Print the alignment as a dot graph.

◆ print_alignment_txt()

void print_alignment_txt ( std::ostream &  out) const
inline

Print the alignment in txt format.

◆ set_blosum_30()

void set_blosum_30 ( void  )
inline

Set the current matrix as the BLOSUM30 matrix as defined in Seqan 2.0.

◆ set_blosum_45()

void set_blosum_45 ( void  )
inline

Set the current matrix as the BLOSUM45 matrix as defined in Seqan 2.0.

◆ set_blosum_62()

void set_blosum_62 ( void  )
inline

Set the current matrix as the BLOSUM62 matrix as defined in Seqan 2.0.

◆ set_blosum_80()

void set_blosum_80 ( void  )
inline

Set the current matrix as the BLOSUM80 matrix as defined in Seqan 2.0.

◆ set_pam_120()

void set_pam_120 ( void  )
inline

Set the current matrix as the PAM120 matrix as defined in Seqan 2.0.

◆ set_pam_200()

void set_pam_200 ( void  )
inline

Set the current matrix as the PAM200 matrix as defined in Seqan 2.0.

◆ set_pam_250()

void set_pam_250 ( void  )
inline

Set the current matrix as the PAM250 matrix as defined in Seqan 2.0.

◆ set_pam_40()

void set_pam_40 ( void  )
inline

Set the current matrix as the PAM40 matrix as defined in Seqan 2.0.

◆ set_standard_substitution_matrix()

void set_standard_substitution_matrix ( SBL::CSB::Alignment_substitution_matrix_type  matrix_type)
inline

Set the current matrix as one of the standard substitution matrices.

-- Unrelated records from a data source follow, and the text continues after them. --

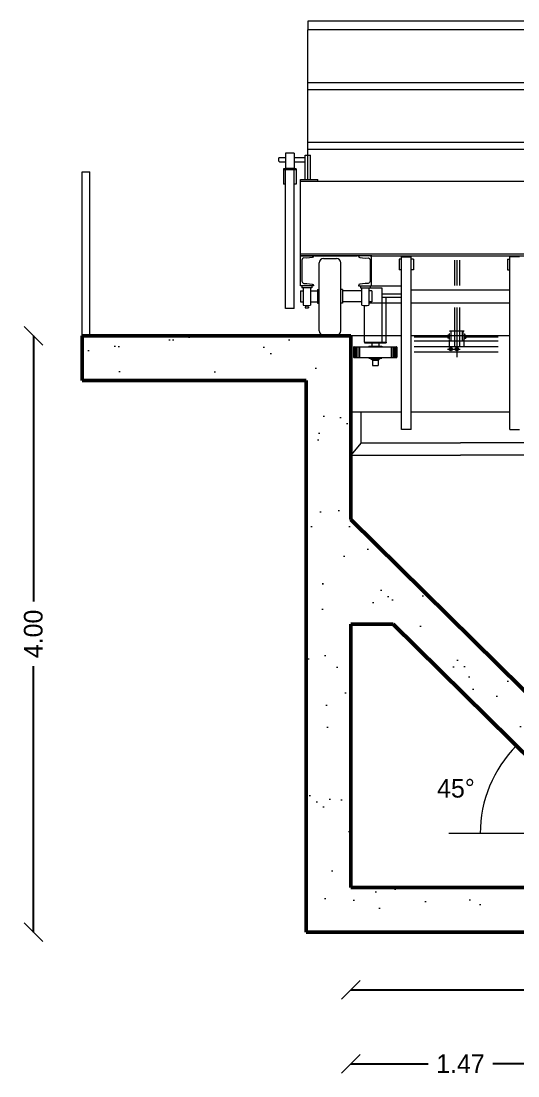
# Model space of a CAD drawing. Extents: x -2884 to -859, y 3232 to 5149.
# Drawn here: x -1448.8 to -1382.2, y 4513.1 to 4654.6 of the extents above; entities that cross this region are included whole.
import ezdxf
from ezdxf.enums import TextEntityAlignment as Align

# ---------------------------------------------------------------- set-up
doc = ezdxf.new("R2010")
doc.units = 0
doc.header["$MEASUREMENT"] = 0
doc.layers.get('0').update_dxf_attribs({"linetype": 'CONTINUOUS', "lineweight": 15})
doc.layers.get('DEFPOINTS').update_dxf_attribs({"linetype": 'CONTINUOUS', "lineweight": 15})
for name, color, linetype, lineweight in [('Carroponte', 7, 'CONTINUOUS', 15), ('Muratura', 7, 'CONTINUOUS', 15), ('Quote e scritte', 252, 'CONTINUOUS', 15), ('Ringhiera in primo piano', 96, 'CONTINUOUS', 15)]:
    doc.layers.add(name, color=color, linetype=linetype, lineweight=lineweight)
doc.styles.add('Style-ENGINEERING', font='ENGINEERING.shx')
doc.dimstyles.new('SASA$0', dxfattribs={"dimtxt": 0.1, "dimasz": 0.1, "dimexe": 0.18, "dimexo": 0.0625, "dimgap": 0.1, "dimtad": 0, "dimzin": 0, "dimdsep": 46, "dimtxsty": 'Standard', "dimblk1": 'OBLIQUE', "dimblk2": 'OBLIQUE', "dimsah": 1, "dimcen": 0.09, "dimse1": 1, "dimse2": 1, "dimadec": 0, "dimazin": 0, "dimtfac": 1, "dimtdec": 4, "dimtofl": 0, "dimtmove": 0, "dimatfit": 3, "dimldrblk": 'OBLIQUE', "dimfxl": 1, "dimtolj": 1, "dimtzin": 0, "dimarcsym": 0})

# ---------------------------------------------------------------- blocks, each defined once
blk = doc.blocks.new('_OBLIQUE')
at = {"color": 0, "linetype": 'ByBlock'}
blk.add_line((-0.5, -0.5), (0.5, 0.5), dxfattribs=at)
blk = doc.blocks.new('*D54')
at = {"layer": 'DEFPOINTS', "color": 0, "linetype": 'Continuous', "transparency": 16777216}
for p in [(-1404.63, 4612.37), (-1314.63, 4612.37), (-1314.63, 4524.63)]:
    blk.add_point(p, dxfattribs=at)
at = {"layer": 'Quote e scritte', "color": 0, "linetype": 'Continuous', "lineweight": -2, "transparency": 16777216}
for p, q in [((-1404.63, 4524.63), (-1364.17, 4524.63)), ((-1314.63, 4524.63), (-1355.08, 4524.63))]:
    blk.add_line(p, q, dxfattribs=at)
at = {"layer": 'Quote e scritte', "color": 0, "linetype": 'Continuous', "lineweight": -2, "transparency": 16777216, "xscale": 2.5, "yscale": 2.5, "zscale": 2.5, "rotation": 180}
blk.add_blockref('_OBLIQUE', (-1404.63, 4524.63), dxfattribs=at)
at = {"layer": 'Quote e scritte', "color": 0, "linetype": 'Continuous', "lineweight": -2, "transparency": 16777216, "xscale": 2.5, "yscale": 2.5, "zscale": 2.5}
blk.add_blockref('_OBLIQUE', (-1314.63, 4524.63), dxfattribs=at)
at = {"layer": 'Quote e scritte', "color": 0, "linetype": 'Continuous', "transparency": 16777216, "insert": (-1359.63, 4524.63), "char_height": 2.5, "attachment_point": 5}
blk.add_mtext('\\A1;4.50', dxfattribs=at)
blk = doc.blocks.new('*D56')
at = {"layer": 'DEFPOINTS', "color": 0, "linetype": 'Continuous', "transparency": 16777216}
for p in [(-1375.21, 4601.18), (-1404.63, 4598.37), (-1404.63, 4514.72)]:
    blk.add_point(p, dxfattribs=at)
at = {"layer": 'Quote e scritte', "color": 0, "linetype": 'Continuous', "lineweight": -2, "transparency": 16777216}
for p, q in [((-1404.63, 4514.72), (-1394.25, 4514.72)), ((-1375.21, 4514.72), (-1385.59, 4514.72))]:
    blk.add_line(p, q, dxfattribs=at)
at = {"layer": 'Quote e scritte', "color": 0, "linetype": 'Continuous', "lineweight": -2, "transparency": 16777216, "xscale": 2.5, "yscale": 2.5, "zscale": 2.5, "rotation": 180}
blk.add_blockref('_OBLIQUE', (-1404.63, 4514.72), dxfattribs=at)
at = {"layer": 'Quote e scritte', "color": 0, "linetype": 'Continuous', "lineweight": -2, "transparency": 16777216, "xscale": 2.5, "yscale": 2.5, "zscale": 2.5}
blk.add_blockref('_OBLIQUE', (-1375.21, 4514.72), dxfattribs=at)
at = {"layer": 'Quote e scritte', "color": 0, "linetype": 'Continuous', "transparency": 16777216, "insert": (-1389.92, 4514.72), "char_height": 2.5, "attachment_point": 5}
blk.add_mtext('\\A1;1.47', dxfattribs=at)
blk = doc.blocks.new('*D59')
at = {"layer": 'DEFPOINTS', "color": 0, "linetype": 'Continuous', "transparency": 16777216}
for p in [(-1440.63, 4612.37), (-1447.18, 4532.37), (-1410.63, 4532.37)]:
    blk.add_point(p, dxfattribs=at)
at = {"layer": 'Quote e scritte', "color": 0, "linetype": 'Continuous', "lineweight": -2, "transparency": 16777216}
for p, q in [((-1447.18, 4612.37), (-1447.18, 4576.7)), ((-1447.18, 4532.37), (-1447.18, 4568.04))]:
    blk.add_line(p, q, dxfattribs=at)
at = {"layer": 'Quote e scritte', "color": 0, "linetype": 'Continuous', "lineweight": -2, "transparency": 16777216, "xscale": 2.5, "yscale": 2.5, "zscale": 2.5}
for p, rotation in [((-1447.18, 4612.37), 90), ((-1447.18, 4532.37), 270)]:
    blk.add_blockref('_OBLIQUE', p, dxfattribs=dict(at, rotation=rotation))
at = {"layer": 'Quote e scritte', "color": 0, "linetype": 'Continuous', "transparency": 16777216, "insert": (-1447.18, 4572.37), "char_height": 2.5, "attachment_point": 5, "rotation": 90}
blk.add_mtext('\\A1;4.00', dxfattribs=at)

msp = doc.modelspace()

# ---------------------------------------------------------------- hatches: boundary and pattern name
at = {"layer": 'Muratura', "linetype": 'Continuous'}
h = msp.add_hatch(dxfattribs=at)
h.set_pattern_fill('AR-SAND', color=256, scale=5)
h.set_pattern_definition([(37.5, (36063.271, -61110.163), (-0.3149668, 9.63411885), [0, -7.6, 0, -8.5, 0, -8.125]), (7.5, (36063.271, -61110.163), (8.8488835, 14.1107303), [0, -4.1, 0, -6.85, 0, -2.625]), (327.5, (36057.121, -61110.163), (15.5707093, 0.0282953), [0, -2.5, 0, -9, 0, -11.75]), (317.5, (36057.121, -61110.163), (15.030633, 4.3883778), [0, -1.25, 0, -5.9, 0, -6.75])])
h.paths.add_polyline_path([(-1410.625, 4606.369), (-1410.625, 4598.369), (-1410.625, 4585.191), (-1410.625, 4532.369), (-1357.087, 4532.369), (-1308.625, 4532.369), (-1308.625, 4592.369), (-1293.728, 4592.369), (-1278.625, 4592.369), (-1278.625, 4532.369), (-1230.164, 4532.369), (-1176.625, 4532.369), (-1176.625, 4585.191), (-1176.625, 4598.369), (-1176.625, 4606.369), (-1146.625, 4606.369), (-1146.625, 4612.369), (-1182.625, 4612.369), (-1182.625, 4598.369), (-1182.625, 4587.7), (-1232.625, 4538.369), (-1272.625, 4538.369), (-1272.625, 4598.369), (-1272.625, 4604.369), (-1278.625, 4604.369), (-1278.625, 4598.369), (-1293.728, 4598.369), (-1308.625, 4598.369), (-1308.625, 4604.369), (-1314.625, 4604.369), (-1314.625, 4598.369), (-1314.625, 4538.369), (-1354.625, 4538.369), (-1404.625, 4587.7), (-1404.625, 4598.369), (-1404.625, 4612.369), (-1440.625, 4612.369), (-1440.625, 4606.369)])
h.paths.add_polyline_path([(-1404.625, 4579.271), (-1370.485, 4545.587), (-1370.485, 4538.369), (-1404.625, 4538.369)], flags=16)
h.paths.add_polyline_path([(-1216.766, 4545.587), (-1182.625, 4579.271), (-1182.625, 4538.369), (-1216.766, 4538.369)], flags=16)
h.paths.add_polyline_path([(-1314.625, 4605.569), (-1308.625, 4605.569), (-1308.625, 4611.369), (-1309.625, 4611.369), (-1309.625, 4612.369), (-1314.625, 4612.369)], flags=17)
h.paths.add_polyline_path([(-1272.625, 4612.369), (-1278.625, 4612.369), (-1278.625, 4605.569), (-1272.625, 4605.569)], flags=17)

# ---------------------------------------------------------------- linework, layer by layer
at = {"layer": 'Carroponte'}
for p, q in [((-1307.121, 4654.572), (-1410.365, 4654.572)), ((-1410.365, 4654.572), (-1410.365, 4653.411)), ((-1410.365, 4633.323), (-1410.365, 4653.411)), ((-1307.121, 4653.411), (-1410.365, 4653.411)), ((-1333.032, 4646.281), (-1410.365, 4646.281)), ((-1410.365, 4645.411), (-1333.032, 4645.411)), ((-1333.032, 4638.281), (-1410.365, 4638.281)), ((-1413.384, 4636.865), (-1413.384, 4634.862)), ((-1412.223, 4636.865), (-1413.384, 4636.865)), ((-1412.223, 4636.865), (-1412.223, 4634.862)), ((-1410.365, 4637.411), (-1333.032, 4637.411)), ((-1414.255, 4636.226), (-1414.197, 4636.284)), ((-1414.255, 4635.762), (-1414.255, 4636.226)), ((-1414.197, 4635.704), (-1414.255, 4635.762)), ((-1414.197, 4636.284), (-1413.384, 4636.284)), ((-1414.197, 4635.704), (-1413.384, 4635.704)), ((-1413.993, 4636.284), (-1413.384, 4636.284)), ((-1413.993, 4635.704), (-1413.384, 4635.704)), ((-1412.223, 4636.284), (-1410.742, 4636.284)), ((-1412.223, 4635.704), (-1410.742, 4635.704)), ((-1410.742, 4633.323), (-1410.742, 4636.574)), ((-1410.742, 4636.574), (-1410.017, 4636.574)), ((-1410.017, 4633.323), (-1410.017, 4636.574)), ((-1413.645, 4634.775), (-1413.645, 4632.685)), ((-1411.961, 4634.775), (-1413.645, 4634.775)), ((-1411.961, 4634.63), (-1413.645, 4634.63)), ((-1413.384, 4634.862), (-1412.223, 4634.862)), ((-1413.384, 4616.023), (-1413.384, 4634.63)), ((-1412.861, 4634.862), (-1412.89, 4634.775)), ((-1412.716, 4634.862), (-1412.687, 4634.775)), ((-1412.194, 4616.023), (-1412.194, 4634.63)), ((-1411.961, 4634.775), (-1411.961, 4632.685)), ((-1413.384, 4632.685), (-1413.645, 4632.685)), ((-1411.961, 4632.685), (-1412.194, 4632.685)), ((-1411.381, 4633.323), (-1409.059, 4633.323)), ((-1411.381, 4633.091), (-1411.381, 4633.323)), ((-1411.381, 4623.077), (-1411.381, 4633.091)), ((-1411.381, 4633.091), (-1330.465, 4633.091)), ((-1410.945, 4633.323), (-1410.742, 4633.323)), ((-1410.945, 4633.091), (-1409.784, 4633.091)), ((-1410.017, 4633.323), (-1409.784, 4633.323)), ((-1409.059, 4633.091), (-1409.059, 4633.323)), ((-1411.381, 4623.077), (-1411.381, 4623.947)), ((-1314.61, 4623.309), (-1411.381, 4623.309)), ((-1401.801, 4623.077), (-1411.381, 4623.077)), ((-1409.436, 4623.077), (-1403.775, 4623.077)), ((-1408.275, 4622.728), (-1406.533, 4622.728)), ((-1402.033, 4623.077), (-1401.801, 4623.077)), ((-1401.83, 4623.077), (-1314.785, 4623.077)), ((-1398.122, 4622.641), (-1398.122, 4621.19)), ((-1397.832, 4622.641), (-1398.122, 4622.641)), ((-1397.832, 4622.96), (-1396.526, 4622.96)), ((-1397.832, 4599.772), (-1397.832, 4622.96)), ((-1396.526, 4599.772), (-1396.526, 4622.96)), ((-1396.235, 4622.641), (-1396.526, 4622.641)), ((-1396.235, 4622.641), (-1396.235, 4621.19)), ((-1390.74, 4622.496), (-1390.74, 4619.091)), ((-1390.395, 4622.496), (-1390.395, 4619.091)), ((-1390.07, 4622.496), (-1390.07, 4619.091)), ((-1383.602, 4622.641), (-1383.312, 4622.641)), ((-1383.602, 4622.641), (-1383.602, 4621.19)), ((-1382.005, 4622.96), (-1383.312, 4622.96)), ((-1383.312, 4599.772), (-1383.312, 4622.96)), ((-1408.855, 4613.004), (-1408.855, 4622.148)), ((-1405.953, 4613.004), (-1405.953, 4622.148)), ((-1397.832, 4621.19), (-1398.122, 4621.19)), ((-1396.235, 4621.19), (-1396.526, 4621.19)), ((-1383.602, 4621.19), (-1383.312, 4621.19)), ((-1411.381, 4618.374), (-1411.381, 4616.923)), ((-1411.381, 4618.374), (-1411.004, 4618.374)), ((-1411.178, 4619.071), (-1411.178, 4618.81)), ((-1409.842, 4618.81), (-1411.178, 4618.81)), ((-1411.004, 4618.81), (-1411.004, 4616.487)), ((-1410.046, 4618.81), (-1410.046, 4616.487)), ((-1410.046, 4618.374), (-1409.088, 4618.374)), ((-1409.842, 4619.071), (-1409.842, 4618.81)), ((-1409.088, 4618.548), (-1409.088, 4616.72)), ((-1409.088, 4618.548), (-1408.855, 4618.548)), ((-1405.72, 4618.548), (-1405.953, 4618.548)), ((-1405.72, 4618.548), (-1405.72, 4616.72)), ((-1403.166, 4618.374), (-1405.72, 4618.374)), ((-1403.34, 4619.071), (-1402.004, 4619.071)), ((-1403.34, 4619.071), (-1403.34, 4618.81)), ((-1403.34, 4618.81), (-1402.004, 4618.81)), ((-1403.166, 4618.81), (-1403.166, 4616.487)), ((-1402.208, 4618.81), (-1402.208, 4616.487)), ((-1402.208, 4618.78), (-1400.471, 4618.78)), ((-1401.801, 4618.374), (-1402.208, 4618.374)), ((-1402.004, 4619.071), (-1402.004, 4618.81)), ((-1401.83, 4619.071), (-1397.832, 4619.071)), ((-1401.801, 4618.374), (-1401.801, 4616.923)), ((-1400.471, 4618.78), (-1400.471, 4611.495)), ((-1396.526, 4618.519), (-1383.312, 4618.519)), ((-1411.381, 4616.923), (-1411.004, 4616.923)), ((-1410.046, 4616.923), (-1409.088, 4616.923)), ((-1403.166, 4616.923), (-1405.72, 4616.923)), ((-1401.801, 4616.923), (-1402.208, 4616.923)), ((-1400.471, 4617.997), (-1397.832, 4617.997)), ((-1400.471, 4617.532), (-1397.832, 4617.532)), ((-1399.891, 4611.495), (-1399.891, 4617.532)), ((-1412.194, 4616.023), (-1413.384, 4616.023)), ((-1410.742, 4616.226), (-1410.742, 4616.11)), ((-1410.655, 4616.226), (-1410.742, 4616.226)), ((-1410.742, 4616.11), (-1410.278, 4616.11)), ((-1410.655, 4616.4), (-1410.655, 4616.226)), ((-1410.365, 4616.4), (-1410.365, 4616.226)), ((-1410.365, 4616.226), (-1410.278, 4616.226)), ((-1410.278, 4616.226), (-1410.278, 4616.11)), ((-1409.088, 4616.72), (-1408.855, 4616.72)), ((-1405.72, 4616.72), (-1405.953, 4616.72)), ((-1402.794, 4611.495), (-1402.794, 4616.408)), ((-1402.208, 4616.778), (-1397.832, 4616.778)), ((-1396.526, 4616.778), (-1383.312, 4616.778)), ((-1390.74, 4616.164), (-1390.74, 4613.12)), ((-1390.395, 4616.164), (-1390.395, 4613.12)), ((-1390.07, 4616.164), (-1390.07, 4613.12)), ((-1391.372, 4612.622), (-1391.448, 4612.622)), ((-1391.448, 4612.622), (-1391.448, 4611.971)), ((-1391.372, 4613.005), (-1389.438, 4613.005)), ((-1391.218, 4613.005), (-1391.218, 4611.665)), ((-1391.161, 4611.665), (-1391.161, 4613.005)), ((-1390.74, 4613.12), (-1390.74, 4610.937)), ((-1390.395, 4613.12), (-1390.395, 4609.476)), ((-1390.07, 4613.12), (-1390.07, 4610.937)), ((-1389.629, 4611.665), (-1389.629, 4613.005)), ((-1389.591, 4613.005), (-1389.591, 4611.665)), ((-1389.438, 4612.622), (-1389.361, 4612.622)), ((-1389.361, 4612.622), (-1389.361, 4611.971)), ((-1406.533, 4612.423), (-1408.275, 4612.423)), ((-1402.794, 4611.495), (-1399.891, 4611.495)), ((-1402.794, 4611.495), (-1402.794, 4611.407)), ((-1402.794, 4611.407), (-1399.891, 4611.407)), ((-1401.807, 4611.407), (-1401.807, 4610.972)), ((-1400.878, 4611.407), (-1400.878, 4610.972)), ((-1399.891, 4611.495), (-1399.891, 4611.407)), ((-1391.62, 4612.162), (-1396.111, 4612.162)), ((-1396.111, 4611.665), (-1384.855, 4611.665)), ((-1391.62, 4612.411), (-1391.601, 4612.43)), ((-1391.62, 4612.411), (-1391.62, 4612.067)), ((-1391.62, 4612.067), (-1391.601, 4612.047)), ((-1391.601, 4612.43), (-1391.601, 4612.047)), ((-1391.448, 4612.43), (-1391.601, 4612.43)), ((-1391.448, 4612.047), (-1391.601, 4612.047)), ((-1391.372, 4610.937), (-1391.372, 4611.818)), ((-1391.218, 4612.43), (-1391.161, 4612.43)), ((-1391.218, 4612.047), (-1391.161, 4612.047)), ((-1389.629, 4612.43), (-1389.591, 4612.43)), ((-1389.629, 4612.047), (-1389.591, 4612.047)), ((-1389.438, 4610.937), (-1389.438, 4611.818)), ((-1389.361, 4612.43), (-1389.208, 4612.43)), ((-1389.361, 4612.047), (-1389.208, 4612.047)), ((-1389.208, 4612.43), (-1389.208, 4612.047)), ((-1389.189, 4612.411), (-1389.208, 4612.43)), ((-1389.189, 4612.067), (-1389.208, 4612.047)), ((-1389.189, 4612.411), (-1389.189, 4612.067)), ((-1384.855, 4612.162), (-1389.189, 4612.162)), ((-1404.245, 4610.827), (-1404.245, 4609.492)), ((-1404.187, 4610.885), (-1398.497, 4610.885)), ((-1404.158, 4610.827), (-1404.158, 4609.492)), ((-1404.042, 4610.827), (-1404.042, 4609.521)), ((-1403.897, 4610.827), (-1403.897, 4609.492)), ((-1403.693, 4610.827), (-1403.693, 4609.492)), ((-1403.461, 4610.827), (-1403.461, 4609.492)), ((-1402.213, 4610.972), (-1402.213, 4610.885)), ((-1402.213, 4610.972), (-1400.471, 4610.972)), ((-1400.471, 4610.972), (-1400.471, 4610.885)), ((-1399.223, 4610.827), (-1399.223, 4609.492)), ((-1398.991, 4610.827), (-1398.991, 4609.492)), ((-1398.788, 4610.827), (-1398.788, 4609.492)), ((-1398.643, 4610.827), (-1398.643, 4609.521)), ((-1398.526, 4610.827), (-1398.526, 4609.492)), ((-1398.439, 4610.827), (-1398.439, 4609.492)), ((-1396.111, 4610.941), (-1384.855, 4610.941)), ((-1396.111, 4610.214), (-1384.855, 4610.214)), ((-1395.312, 4610.937), (-1384.855, 4610.937)), ((-1391.645, 4610.575), (-1390.803, 4610.575)), ((-1390.816, 4610.575), (-1389.974, 4610.575)), ((-1390.663, 4610.575), (-1390.127, 4610.575)), ((-1390.395, 4611.148), (-1390.395, 4610.305)), ((-1404.187, 4609.434), (-1398.497, 4609.434)), ((-1402.213, 4609.434), (-1402.213, 4609.346)), ((-1402.213, 4609.346), (-1400.471, 4609.346)), ((-1401.923, 4609.346), (-1401.923, 4609.23)), ((-1401.923, 4609.23), (-1400.762, 4609.23)), ((-1401.778, 4609.23), (-1401.778, 4609.085)), ((-1401.778, 4609.085), (-1400.907, 4609.085)), ((-1401.69, 4609.085), (-1401.69, 4608.36)), ((-1401.69, 4608.36), (-1400.965, 4608.36)), ((-1400.965, 4609.085), (-1400.965, 4608.36)), ((-1400.907, 4609.23), (-1400.907, 4609.085)), ((-1400.762, 4609.346), (-1400.762, 4609.23)), ((-1400.471, 4609.434), (-1400.471, 4609.346)), ((-1404.625, 4602.121), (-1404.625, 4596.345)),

◆ set_substitution_matrix()

void set_substitution_matrix ( const Substitution_matrix matrix)
inline

The input is a map from pairs of Alignment_unit_name to the associated score. Note that by construction, it is enough to specify non null values on a half of the matrix, diagonal excluded.

◆ set_vtml_200()

void set_vtml_200 ( void  )
inline

Set the current matrix as the VTML200 matrix as defined in Seqan 2.0.